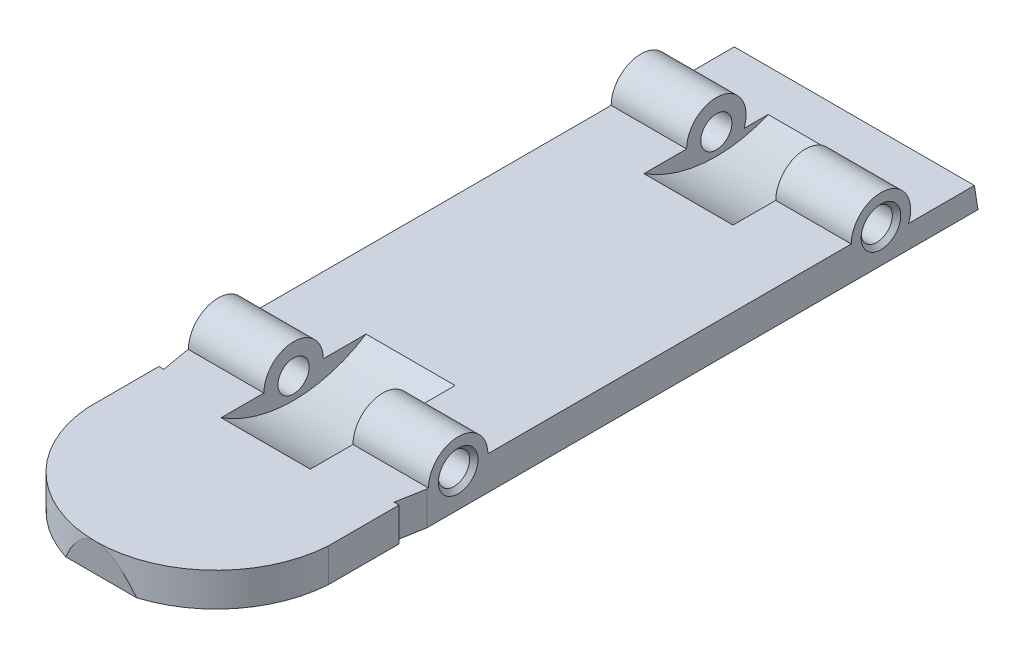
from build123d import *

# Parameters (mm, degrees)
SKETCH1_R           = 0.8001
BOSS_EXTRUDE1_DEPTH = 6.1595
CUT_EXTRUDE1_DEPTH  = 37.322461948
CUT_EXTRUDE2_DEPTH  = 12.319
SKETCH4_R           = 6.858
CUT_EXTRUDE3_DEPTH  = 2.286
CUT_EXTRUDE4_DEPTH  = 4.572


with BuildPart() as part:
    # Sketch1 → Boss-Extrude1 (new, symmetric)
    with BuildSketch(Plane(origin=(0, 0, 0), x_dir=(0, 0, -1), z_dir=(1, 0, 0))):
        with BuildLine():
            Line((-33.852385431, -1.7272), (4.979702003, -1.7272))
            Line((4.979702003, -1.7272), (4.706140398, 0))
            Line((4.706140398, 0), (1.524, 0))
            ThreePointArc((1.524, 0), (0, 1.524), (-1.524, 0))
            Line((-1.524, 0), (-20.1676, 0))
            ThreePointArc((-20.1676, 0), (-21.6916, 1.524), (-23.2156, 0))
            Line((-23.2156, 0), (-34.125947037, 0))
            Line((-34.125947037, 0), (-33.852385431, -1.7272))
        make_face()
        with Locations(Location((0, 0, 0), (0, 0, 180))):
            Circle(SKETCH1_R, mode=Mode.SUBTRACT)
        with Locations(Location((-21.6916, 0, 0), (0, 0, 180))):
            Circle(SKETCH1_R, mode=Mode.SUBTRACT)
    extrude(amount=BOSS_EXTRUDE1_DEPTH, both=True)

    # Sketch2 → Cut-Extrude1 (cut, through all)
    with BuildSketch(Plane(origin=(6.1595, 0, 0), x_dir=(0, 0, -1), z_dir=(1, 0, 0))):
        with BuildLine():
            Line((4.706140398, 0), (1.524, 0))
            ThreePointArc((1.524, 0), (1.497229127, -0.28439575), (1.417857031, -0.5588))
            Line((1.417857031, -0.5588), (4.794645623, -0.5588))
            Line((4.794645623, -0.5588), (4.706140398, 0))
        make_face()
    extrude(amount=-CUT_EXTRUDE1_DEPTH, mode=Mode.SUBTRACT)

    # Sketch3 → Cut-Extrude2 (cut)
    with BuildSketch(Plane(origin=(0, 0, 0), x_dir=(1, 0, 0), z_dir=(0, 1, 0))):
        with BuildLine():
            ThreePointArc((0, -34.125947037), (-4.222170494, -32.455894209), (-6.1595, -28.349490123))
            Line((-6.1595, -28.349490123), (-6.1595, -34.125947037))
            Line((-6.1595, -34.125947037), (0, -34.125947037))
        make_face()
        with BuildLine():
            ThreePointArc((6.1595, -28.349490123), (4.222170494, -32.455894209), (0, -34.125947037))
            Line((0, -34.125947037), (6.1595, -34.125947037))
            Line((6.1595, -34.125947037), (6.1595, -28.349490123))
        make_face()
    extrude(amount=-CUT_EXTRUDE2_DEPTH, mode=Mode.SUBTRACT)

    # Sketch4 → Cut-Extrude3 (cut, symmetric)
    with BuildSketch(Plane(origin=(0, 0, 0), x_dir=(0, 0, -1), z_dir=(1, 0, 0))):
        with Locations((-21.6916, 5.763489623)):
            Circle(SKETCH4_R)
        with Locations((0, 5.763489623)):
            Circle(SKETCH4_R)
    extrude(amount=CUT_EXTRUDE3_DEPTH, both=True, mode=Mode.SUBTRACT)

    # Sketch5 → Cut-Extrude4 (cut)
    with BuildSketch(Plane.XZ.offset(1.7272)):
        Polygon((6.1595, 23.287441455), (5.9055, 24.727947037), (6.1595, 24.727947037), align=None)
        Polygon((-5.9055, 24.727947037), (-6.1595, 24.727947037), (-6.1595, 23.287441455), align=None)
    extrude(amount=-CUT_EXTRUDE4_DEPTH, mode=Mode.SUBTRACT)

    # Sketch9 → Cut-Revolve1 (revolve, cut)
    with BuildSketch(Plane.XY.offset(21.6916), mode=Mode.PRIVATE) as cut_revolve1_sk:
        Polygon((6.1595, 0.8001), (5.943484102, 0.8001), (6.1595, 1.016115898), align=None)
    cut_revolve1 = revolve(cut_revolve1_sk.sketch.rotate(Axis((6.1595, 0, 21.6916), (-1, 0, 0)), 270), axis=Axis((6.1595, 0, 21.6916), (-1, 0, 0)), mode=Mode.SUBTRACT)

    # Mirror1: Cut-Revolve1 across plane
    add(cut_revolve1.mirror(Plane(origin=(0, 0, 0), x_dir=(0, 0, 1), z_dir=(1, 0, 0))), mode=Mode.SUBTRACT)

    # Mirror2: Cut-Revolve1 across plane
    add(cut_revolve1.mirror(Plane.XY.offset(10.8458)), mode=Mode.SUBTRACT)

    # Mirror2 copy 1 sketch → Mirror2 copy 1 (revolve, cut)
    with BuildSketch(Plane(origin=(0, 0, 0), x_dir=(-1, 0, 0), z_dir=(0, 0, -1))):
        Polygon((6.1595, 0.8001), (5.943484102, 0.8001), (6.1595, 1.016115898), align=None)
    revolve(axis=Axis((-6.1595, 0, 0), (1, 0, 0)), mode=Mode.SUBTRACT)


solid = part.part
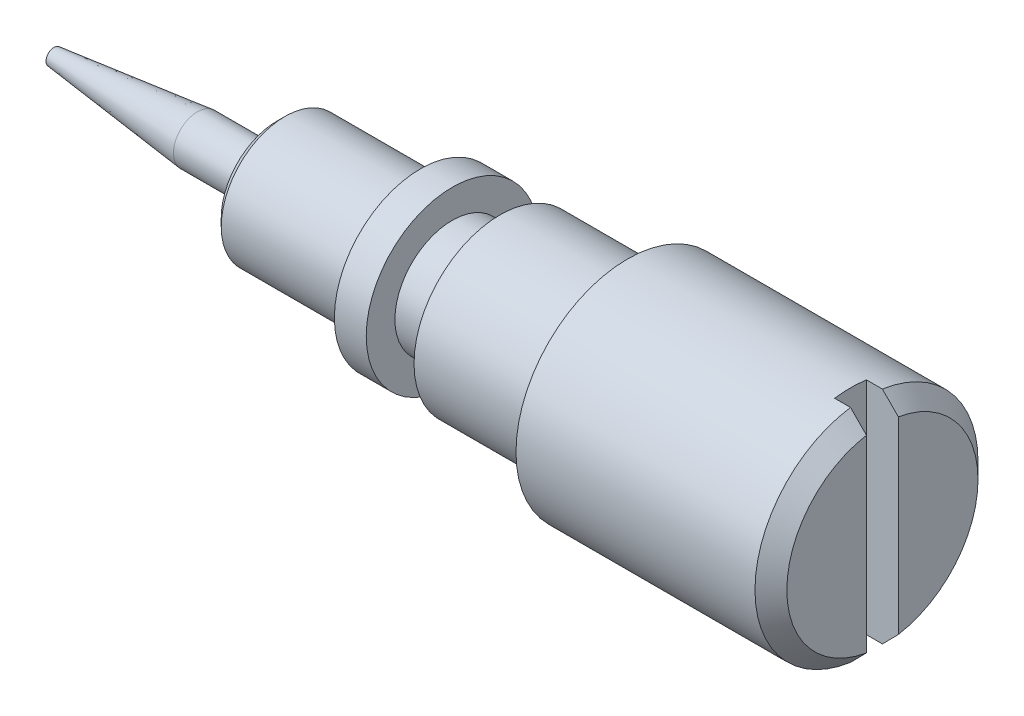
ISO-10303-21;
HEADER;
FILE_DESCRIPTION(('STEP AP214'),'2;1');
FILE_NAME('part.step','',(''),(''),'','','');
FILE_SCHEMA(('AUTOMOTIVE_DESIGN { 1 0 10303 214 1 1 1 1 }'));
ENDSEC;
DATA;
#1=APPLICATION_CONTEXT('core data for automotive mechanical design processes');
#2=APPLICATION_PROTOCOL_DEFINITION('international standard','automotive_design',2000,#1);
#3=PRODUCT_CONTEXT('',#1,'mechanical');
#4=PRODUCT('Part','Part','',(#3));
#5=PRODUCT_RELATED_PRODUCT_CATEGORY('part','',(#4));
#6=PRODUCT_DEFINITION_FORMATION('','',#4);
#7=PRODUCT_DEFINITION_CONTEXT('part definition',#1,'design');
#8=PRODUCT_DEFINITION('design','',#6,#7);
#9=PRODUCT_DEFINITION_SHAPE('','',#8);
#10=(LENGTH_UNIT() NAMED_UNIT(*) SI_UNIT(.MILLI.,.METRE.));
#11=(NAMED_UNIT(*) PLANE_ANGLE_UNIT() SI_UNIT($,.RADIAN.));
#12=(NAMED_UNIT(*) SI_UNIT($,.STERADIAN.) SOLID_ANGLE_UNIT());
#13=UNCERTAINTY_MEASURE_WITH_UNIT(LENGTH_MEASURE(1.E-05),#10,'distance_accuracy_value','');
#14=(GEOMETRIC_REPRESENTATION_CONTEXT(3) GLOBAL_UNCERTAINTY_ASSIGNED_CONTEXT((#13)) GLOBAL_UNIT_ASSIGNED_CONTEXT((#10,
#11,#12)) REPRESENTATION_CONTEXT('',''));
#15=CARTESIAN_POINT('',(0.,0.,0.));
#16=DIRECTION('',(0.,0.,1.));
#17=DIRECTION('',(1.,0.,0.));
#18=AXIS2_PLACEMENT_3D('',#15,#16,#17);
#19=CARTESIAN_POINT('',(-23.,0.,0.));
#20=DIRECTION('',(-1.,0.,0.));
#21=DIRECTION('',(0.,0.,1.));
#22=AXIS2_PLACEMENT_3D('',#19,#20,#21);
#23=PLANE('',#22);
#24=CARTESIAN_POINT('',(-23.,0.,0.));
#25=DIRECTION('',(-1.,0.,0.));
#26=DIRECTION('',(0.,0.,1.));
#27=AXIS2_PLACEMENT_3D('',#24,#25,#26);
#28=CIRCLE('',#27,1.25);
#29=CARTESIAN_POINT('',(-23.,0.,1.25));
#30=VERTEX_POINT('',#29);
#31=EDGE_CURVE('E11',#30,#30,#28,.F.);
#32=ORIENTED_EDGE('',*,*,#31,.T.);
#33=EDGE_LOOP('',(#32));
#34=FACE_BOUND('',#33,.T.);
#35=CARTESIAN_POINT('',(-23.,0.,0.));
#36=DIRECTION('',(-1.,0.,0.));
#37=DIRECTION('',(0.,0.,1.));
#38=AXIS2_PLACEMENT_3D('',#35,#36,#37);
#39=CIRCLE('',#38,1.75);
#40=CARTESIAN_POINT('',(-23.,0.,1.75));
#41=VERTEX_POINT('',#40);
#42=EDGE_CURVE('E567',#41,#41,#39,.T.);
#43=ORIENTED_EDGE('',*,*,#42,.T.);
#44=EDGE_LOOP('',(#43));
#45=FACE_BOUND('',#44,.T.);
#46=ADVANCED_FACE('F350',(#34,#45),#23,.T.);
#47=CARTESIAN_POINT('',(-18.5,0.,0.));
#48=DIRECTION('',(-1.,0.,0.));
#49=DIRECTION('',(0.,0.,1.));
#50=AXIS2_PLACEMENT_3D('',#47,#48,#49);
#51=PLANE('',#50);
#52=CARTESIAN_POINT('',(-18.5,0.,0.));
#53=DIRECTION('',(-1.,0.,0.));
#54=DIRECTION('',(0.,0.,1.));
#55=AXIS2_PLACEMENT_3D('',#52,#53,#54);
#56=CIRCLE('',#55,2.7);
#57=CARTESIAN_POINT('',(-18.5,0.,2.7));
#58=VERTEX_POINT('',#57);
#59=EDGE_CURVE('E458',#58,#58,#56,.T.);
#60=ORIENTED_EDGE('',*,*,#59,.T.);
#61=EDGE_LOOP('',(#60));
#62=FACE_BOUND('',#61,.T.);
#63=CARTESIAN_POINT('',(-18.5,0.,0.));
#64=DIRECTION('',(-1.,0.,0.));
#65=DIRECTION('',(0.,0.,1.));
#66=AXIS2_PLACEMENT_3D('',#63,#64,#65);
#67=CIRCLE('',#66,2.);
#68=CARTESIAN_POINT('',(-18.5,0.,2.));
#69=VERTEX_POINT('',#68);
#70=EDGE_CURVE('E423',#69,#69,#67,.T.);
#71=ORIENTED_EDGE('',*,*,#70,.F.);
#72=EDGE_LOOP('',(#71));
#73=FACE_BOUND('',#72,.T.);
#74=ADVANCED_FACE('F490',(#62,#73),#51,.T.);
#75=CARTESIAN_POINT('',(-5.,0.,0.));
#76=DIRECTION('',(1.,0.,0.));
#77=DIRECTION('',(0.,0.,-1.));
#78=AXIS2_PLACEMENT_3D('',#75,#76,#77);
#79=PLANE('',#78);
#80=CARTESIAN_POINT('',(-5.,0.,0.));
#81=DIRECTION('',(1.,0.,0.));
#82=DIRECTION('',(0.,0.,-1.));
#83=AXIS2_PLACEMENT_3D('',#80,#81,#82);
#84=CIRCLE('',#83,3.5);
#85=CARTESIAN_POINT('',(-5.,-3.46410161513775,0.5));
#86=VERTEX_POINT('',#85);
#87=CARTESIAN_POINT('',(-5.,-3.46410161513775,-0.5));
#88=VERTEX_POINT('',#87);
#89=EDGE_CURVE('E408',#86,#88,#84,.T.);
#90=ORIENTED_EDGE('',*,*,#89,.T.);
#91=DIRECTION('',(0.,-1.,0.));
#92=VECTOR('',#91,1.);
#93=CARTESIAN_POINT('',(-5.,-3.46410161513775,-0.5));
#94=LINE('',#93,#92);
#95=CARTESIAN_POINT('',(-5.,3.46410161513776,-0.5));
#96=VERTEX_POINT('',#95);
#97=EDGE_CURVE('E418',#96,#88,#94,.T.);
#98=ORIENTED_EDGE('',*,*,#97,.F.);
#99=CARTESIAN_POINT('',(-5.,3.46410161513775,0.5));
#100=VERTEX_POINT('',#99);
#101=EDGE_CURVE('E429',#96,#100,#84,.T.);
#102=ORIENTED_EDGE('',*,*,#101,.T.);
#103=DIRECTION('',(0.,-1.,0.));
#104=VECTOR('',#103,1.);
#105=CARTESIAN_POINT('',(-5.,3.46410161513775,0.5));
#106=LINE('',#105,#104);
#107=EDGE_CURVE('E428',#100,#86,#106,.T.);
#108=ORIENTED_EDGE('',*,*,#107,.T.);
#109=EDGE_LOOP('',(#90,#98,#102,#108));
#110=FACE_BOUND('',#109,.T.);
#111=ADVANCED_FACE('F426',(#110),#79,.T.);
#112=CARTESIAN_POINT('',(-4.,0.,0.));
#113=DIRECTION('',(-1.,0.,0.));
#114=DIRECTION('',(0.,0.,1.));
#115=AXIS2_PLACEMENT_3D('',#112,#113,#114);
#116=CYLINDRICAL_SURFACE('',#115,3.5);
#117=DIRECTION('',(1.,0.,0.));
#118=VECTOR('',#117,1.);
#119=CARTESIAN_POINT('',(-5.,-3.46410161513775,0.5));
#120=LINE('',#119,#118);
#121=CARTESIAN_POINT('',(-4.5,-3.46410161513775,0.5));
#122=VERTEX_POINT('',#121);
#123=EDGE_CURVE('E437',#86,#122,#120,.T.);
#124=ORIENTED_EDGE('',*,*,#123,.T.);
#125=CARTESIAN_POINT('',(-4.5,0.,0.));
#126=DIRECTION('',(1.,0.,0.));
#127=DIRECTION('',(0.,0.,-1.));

☆ ☆ ☆ ☆ ☆ ☆ ☆

Go line by line through the data above and count those holding "None"; report the number alone.

4